He ran a hand back through his hair, sweeping it from his eyes. ‘Liliane,’ he said cautiously, standing and rounding his desk to cross the room to her. ‘I was about to go in search of you. I think we need to discuss last night.’

She held up her hand to stop his advance. ‘No, Sin, I think all that needs to be said has already been said. What you do, and with whom you choose to do it, is entirely your concern and no business of mine. And quite frankly, the less said, the better.’

‘Where did you sleep last night?’

‘Excuse me? Are you accusing me of—?’

Blast it
. He was getting this wrong! She had every right to be angry at him, but surely he also had the right to explain. To make her see that what was hurting her was hurting him just as much.

‘Damn it, Liliane. I came looking for you, to explain, but you weren’t in your room. Where did you go?’ Images of her running into the arms of Albert Dudley coursed across his mind.

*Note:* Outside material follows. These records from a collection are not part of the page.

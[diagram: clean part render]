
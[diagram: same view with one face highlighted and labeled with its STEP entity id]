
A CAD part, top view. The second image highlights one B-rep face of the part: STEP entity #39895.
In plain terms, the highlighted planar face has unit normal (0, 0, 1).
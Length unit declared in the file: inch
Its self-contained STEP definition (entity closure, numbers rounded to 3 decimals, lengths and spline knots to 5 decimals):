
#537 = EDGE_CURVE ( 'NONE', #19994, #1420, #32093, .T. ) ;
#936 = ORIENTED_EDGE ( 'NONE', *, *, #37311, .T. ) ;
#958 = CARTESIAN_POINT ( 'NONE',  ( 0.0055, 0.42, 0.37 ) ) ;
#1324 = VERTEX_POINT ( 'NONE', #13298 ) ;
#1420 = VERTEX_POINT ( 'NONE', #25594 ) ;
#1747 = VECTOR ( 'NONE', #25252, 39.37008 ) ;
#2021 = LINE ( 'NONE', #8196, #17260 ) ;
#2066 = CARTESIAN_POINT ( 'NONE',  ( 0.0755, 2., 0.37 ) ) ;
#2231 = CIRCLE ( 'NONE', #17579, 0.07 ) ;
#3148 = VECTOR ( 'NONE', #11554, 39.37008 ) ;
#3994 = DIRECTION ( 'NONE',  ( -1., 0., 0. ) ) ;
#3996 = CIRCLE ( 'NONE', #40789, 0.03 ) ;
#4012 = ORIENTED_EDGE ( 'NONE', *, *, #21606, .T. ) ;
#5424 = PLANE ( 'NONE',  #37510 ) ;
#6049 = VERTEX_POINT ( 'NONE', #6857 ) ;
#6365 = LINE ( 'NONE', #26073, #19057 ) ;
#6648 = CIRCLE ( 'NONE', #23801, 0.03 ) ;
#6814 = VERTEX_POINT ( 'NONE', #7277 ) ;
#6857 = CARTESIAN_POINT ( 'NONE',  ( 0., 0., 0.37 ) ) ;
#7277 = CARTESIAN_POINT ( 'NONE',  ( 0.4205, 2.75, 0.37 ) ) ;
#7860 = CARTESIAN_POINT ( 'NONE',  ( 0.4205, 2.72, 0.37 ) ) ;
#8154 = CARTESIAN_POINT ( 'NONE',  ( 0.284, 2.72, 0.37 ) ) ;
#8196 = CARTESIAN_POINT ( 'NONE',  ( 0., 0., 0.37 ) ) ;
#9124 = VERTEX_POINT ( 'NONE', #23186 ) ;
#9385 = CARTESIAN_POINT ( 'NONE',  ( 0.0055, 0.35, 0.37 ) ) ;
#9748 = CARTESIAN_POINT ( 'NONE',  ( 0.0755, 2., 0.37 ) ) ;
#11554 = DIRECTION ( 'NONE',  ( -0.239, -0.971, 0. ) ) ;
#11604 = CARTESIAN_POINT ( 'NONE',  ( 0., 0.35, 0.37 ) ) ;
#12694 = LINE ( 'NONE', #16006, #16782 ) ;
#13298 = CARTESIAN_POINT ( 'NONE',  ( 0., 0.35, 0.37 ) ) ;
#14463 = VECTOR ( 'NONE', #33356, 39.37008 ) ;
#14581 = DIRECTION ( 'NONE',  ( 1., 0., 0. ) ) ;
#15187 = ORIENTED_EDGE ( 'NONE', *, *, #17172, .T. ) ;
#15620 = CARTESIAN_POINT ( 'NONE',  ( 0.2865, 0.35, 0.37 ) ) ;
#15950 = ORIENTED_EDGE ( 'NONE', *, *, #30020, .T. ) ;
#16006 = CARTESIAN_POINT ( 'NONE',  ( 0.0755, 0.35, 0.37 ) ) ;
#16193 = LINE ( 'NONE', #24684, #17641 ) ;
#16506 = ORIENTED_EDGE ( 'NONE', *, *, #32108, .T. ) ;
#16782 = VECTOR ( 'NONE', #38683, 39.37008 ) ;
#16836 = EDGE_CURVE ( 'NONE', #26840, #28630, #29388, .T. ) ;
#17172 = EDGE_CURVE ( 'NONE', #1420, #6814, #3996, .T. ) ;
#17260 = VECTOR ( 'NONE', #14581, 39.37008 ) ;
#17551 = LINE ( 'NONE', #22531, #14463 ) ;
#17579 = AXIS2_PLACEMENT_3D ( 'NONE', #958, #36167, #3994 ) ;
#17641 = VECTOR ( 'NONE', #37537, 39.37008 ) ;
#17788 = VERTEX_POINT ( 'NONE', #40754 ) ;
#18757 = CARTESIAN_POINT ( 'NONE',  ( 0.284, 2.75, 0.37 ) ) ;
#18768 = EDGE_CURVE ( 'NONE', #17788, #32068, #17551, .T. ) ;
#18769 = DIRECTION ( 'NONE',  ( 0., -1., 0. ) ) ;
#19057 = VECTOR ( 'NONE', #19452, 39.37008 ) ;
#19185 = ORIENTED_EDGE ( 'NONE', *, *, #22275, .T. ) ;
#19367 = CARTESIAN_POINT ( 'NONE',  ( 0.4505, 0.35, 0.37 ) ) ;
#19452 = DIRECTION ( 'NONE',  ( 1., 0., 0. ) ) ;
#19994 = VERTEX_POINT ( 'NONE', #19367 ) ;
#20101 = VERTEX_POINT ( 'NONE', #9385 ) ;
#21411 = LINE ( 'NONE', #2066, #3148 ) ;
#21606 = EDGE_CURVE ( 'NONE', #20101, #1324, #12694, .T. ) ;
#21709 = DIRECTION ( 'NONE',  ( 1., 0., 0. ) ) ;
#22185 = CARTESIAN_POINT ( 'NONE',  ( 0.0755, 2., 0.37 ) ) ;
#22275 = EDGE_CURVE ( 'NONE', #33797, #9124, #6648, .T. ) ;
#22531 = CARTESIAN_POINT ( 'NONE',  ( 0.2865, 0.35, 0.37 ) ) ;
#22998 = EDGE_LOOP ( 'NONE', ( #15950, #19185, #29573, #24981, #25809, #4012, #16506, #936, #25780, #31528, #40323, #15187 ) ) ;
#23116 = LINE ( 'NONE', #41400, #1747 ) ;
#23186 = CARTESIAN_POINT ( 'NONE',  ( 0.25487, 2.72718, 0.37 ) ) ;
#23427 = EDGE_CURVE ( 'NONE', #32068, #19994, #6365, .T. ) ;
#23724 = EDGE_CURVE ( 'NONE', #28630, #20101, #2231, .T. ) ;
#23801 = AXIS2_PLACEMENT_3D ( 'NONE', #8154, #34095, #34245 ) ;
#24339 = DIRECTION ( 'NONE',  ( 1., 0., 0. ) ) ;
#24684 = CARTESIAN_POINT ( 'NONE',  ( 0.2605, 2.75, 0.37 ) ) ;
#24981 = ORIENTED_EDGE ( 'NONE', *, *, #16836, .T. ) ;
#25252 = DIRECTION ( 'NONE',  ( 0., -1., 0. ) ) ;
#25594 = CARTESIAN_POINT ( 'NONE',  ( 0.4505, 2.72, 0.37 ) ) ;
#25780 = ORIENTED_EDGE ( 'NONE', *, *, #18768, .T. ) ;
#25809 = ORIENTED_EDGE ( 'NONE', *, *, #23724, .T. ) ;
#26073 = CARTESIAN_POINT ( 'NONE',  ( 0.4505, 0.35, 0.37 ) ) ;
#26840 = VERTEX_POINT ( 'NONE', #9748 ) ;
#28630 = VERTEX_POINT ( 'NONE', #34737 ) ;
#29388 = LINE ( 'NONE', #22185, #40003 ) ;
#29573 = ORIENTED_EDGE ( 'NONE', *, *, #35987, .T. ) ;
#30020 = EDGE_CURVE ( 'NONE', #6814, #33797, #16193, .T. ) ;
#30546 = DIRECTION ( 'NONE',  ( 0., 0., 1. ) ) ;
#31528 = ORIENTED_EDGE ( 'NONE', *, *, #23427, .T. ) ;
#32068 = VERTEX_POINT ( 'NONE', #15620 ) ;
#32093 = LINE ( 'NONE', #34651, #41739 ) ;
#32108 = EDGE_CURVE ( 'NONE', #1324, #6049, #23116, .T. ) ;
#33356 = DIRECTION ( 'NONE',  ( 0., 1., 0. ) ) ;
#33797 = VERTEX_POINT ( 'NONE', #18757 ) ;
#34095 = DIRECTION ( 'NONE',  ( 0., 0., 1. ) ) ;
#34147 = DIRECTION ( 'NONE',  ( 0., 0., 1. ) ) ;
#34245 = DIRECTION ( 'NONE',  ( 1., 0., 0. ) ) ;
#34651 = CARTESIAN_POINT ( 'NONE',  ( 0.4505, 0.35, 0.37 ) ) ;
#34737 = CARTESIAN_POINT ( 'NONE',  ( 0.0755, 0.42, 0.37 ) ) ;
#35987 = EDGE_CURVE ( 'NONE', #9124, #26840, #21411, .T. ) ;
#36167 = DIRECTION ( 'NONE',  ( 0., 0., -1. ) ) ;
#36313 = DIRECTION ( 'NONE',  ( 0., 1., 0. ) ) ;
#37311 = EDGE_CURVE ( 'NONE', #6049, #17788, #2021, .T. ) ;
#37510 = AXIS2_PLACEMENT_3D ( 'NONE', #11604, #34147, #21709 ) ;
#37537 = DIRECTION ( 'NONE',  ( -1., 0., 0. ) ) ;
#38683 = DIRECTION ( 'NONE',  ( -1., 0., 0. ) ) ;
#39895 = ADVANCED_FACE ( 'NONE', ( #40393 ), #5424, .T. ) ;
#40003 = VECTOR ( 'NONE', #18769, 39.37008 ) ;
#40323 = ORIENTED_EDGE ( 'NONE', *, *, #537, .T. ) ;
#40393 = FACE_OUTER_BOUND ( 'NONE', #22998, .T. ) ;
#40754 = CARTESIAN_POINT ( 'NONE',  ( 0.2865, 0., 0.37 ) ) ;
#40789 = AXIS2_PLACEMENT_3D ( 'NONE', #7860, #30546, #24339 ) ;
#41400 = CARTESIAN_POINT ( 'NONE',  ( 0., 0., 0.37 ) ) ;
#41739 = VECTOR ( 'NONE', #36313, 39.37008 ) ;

‘Not that it’s of any concern of yours, but I slept in Yvette’s room. She received some upsetting news and I chose to keep her company. I came here this morning on another matter, two other matters actually.’

Sinclair watched as she perched herself upon the edge of the chaise lounge, ramrod straight. Any other woman would have subjected him to a storm of tears and accusations. Instead, she had drawn an impenetrable veil of dignity about herself, effectively cloaking any emotion she may be feeling. If only her silence didn’t cut deeper than her words would ever have done.

But there was more troubling her than Francesca’s maleficence. Whatever she had to say, she was fearful of his reaction. He couldn’t imagine what she could possibly have done now that would incur his ire. For all of the rash decisions she had made prior to the commencement of the Season, he had not seen her put a foot wrong since.

Reluctantly he came to sit before her. ‘What is it you need to speak with me about?’ He watched her eyes flicker to the envelope seated upon her lap before she picked it up and passed it to him. If anything, her back straightened further.

‘I think you need to read this. It’s the letter you gave to Yvette yesterday. The letter from Solange.’

He accepted the letter and unfolded it, reading it hurriedly, and then again, to be sure he hadn’t misunderstood the first time. With each reading, his anger and frustration grew. With it came a sense of apprehension; there was something they were overlooking, all of them. More so, it was something obvious and therefore more potent.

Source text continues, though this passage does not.